Additional Directories¶
By default, an agent can only read and write within its working_dir. The additional directories feature lets you grant an agent access to other paths on the filesystem. Each added path maps directly to Claude Code's --add-dir flag.
Common use cases:
- Monorepo access - agent works in one package but needs to read sibling packages
- Shared config or libraries - company-wide configs, shared scripts, or tooling directories
- Reference repositories - read a related repo without making it the working directory
Configure via YAML template¶
Add additional_dirs to an agent template under .agentd/agents/:
name: my-agent
working_dir: /path/to/project
additional_dirs:
- ../shared-libraries # relative: resolved relative to this YAML file
- /opt/company/configs # absolute: used as-is
- ~/other-project # tilde: expanded to the home directory
Path resolution¶
| Path type | Example | Resolved to |
|---|---|---|
| Relative | ../shared-libs |
Joined with the YAML file's directory, then canonicalized |
| Absolute | /opt/configs |
Used as-is |
| Tilde | ~/other-project |
Expanded to home directory |
Relative paths are resolved at agent apply time, relative to the directory containing the YAML file - not relative to working_dir or $PWD.
# .agentd/agents/worker.yml
# File is at: /home/user/myproject/.agentd/agents/worker.yml
# working_dir is: /home/user/myproject
additional_dirs:
- ../../shared # resolves to /home/user/shared
- /opt/tools # used as /opt/tools
Apply the template:
Configure via CLI¶
At creation time¶
Pass --add-dir one or more times when creating an agent:
agent orchestrator create-agent \
--name my-agent \
--add-dir /path/to/shared-libs \
--add-dir /opt/company/configs
Add a directory to an existing agent¶
The directory must exist on the filesystem at the time of the call. The change is persisted immediately but takes effect on the next agent restart.
Example output:
Agent ID: 550e8400-e29b-41d4-a716-446655440000
Additional Dirs: /path/to/dir
Note: restart the agent for directory changes to take effect.

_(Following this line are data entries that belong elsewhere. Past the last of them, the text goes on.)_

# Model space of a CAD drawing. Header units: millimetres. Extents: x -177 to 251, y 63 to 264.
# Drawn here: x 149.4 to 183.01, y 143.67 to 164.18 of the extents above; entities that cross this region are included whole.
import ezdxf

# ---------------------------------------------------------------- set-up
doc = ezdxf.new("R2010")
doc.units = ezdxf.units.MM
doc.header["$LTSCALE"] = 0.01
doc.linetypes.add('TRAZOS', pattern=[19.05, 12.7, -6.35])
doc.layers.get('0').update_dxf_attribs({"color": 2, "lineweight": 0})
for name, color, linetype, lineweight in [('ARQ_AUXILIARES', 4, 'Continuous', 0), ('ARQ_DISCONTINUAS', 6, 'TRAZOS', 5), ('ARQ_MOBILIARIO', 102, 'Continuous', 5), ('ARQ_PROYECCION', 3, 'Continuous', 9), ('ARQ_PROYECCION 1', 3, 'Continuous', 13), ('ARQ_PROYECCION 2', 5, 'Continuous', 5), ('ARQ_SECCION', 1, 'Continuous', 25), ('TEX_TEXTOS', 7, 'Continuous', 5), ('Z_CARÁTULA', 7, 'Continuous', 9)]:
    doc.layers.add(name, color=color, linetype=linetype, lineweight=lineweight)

Remove a directory from an existing agent¶
Removing a path that is not in the list is a no-op. The change takes effect on the next agent restart.
Configure via API¶
Add a directory¶
Request body:
Response: 200 OK
{
"agent_id": "550e8400-e29b-41d4-a716-446655440000",
"additional_dirs": [
"/path/to/dir"
],
"requires_restart": true
}
Errors:
- 404 - agent not found
- 422 - path does not exist or is not a directory
The operation is idempotent - adding a path that is already present is a no-op.
curl example:
curl -X POST http://127.0.0.1:17006/agents/<ID>/dirs \
-H "Content-Type: application/json" \
-d '{"path": "/path/to/shared-libs"}'
Remove a directory¶
Request body:
Response: 200 OK
{
"agent_id": "550e8400-e29b-41d4-a716-446655440000",
"additional_dirs": [],
"requires_restart": true
}
Errors:
- 404 - agent not found
The operation is idempotent - removing a path that is not in the list is a no-op.
curl example:
curl -X DELETE http://127.0.0.1:17006/agents/<ID>/dirs \
-H "Content-Type: application/json" \
-d '{"path": "/path/to/shared-libs"}'
Restart behavior¶
Directory changes are persisted to the database immediately but the running agent process is not affected until it is restarted. The API and CLI always set "requires_restart": true in the response as a reminder.
To apply the change:
# Terminate the agent
agent orchestrator delete-agent <AGENT_ID>
# Re-create it (or use your YAML template)
agent apply .agentd/agents/my-agent.yml
Workflow agents
If the agent is managed by a workflow, the workflow will re-launch the agent automatically after it is terminated.
Docker backend behavior¶
For agents running in Docker containers, each path in additional_dirs is automatically bind-mounted into the container at the same absolute path. The mount is read-write, so the agent can read and write to those directories.
Ensure the paths exist on the host before starting the agent; the orchestrator validates their existence at creation and add time.
Security considerations¶
Agents can read and write
An agent has full read and write access to every directory in additional_dirs. Only add directories that the agent legitimately needs.
- Validate that paths point to the intended directories - avoid accidentally adding sensitive parent directories (e.g.,
/home/userinstead of/home/user/project). - For agents with broad filesystem access, consider pairing with a restrictive tool policy that limits which tools the agent can use.
- In Docker environments the bind-mounts are read-write; there is no current support for read-only additional directories.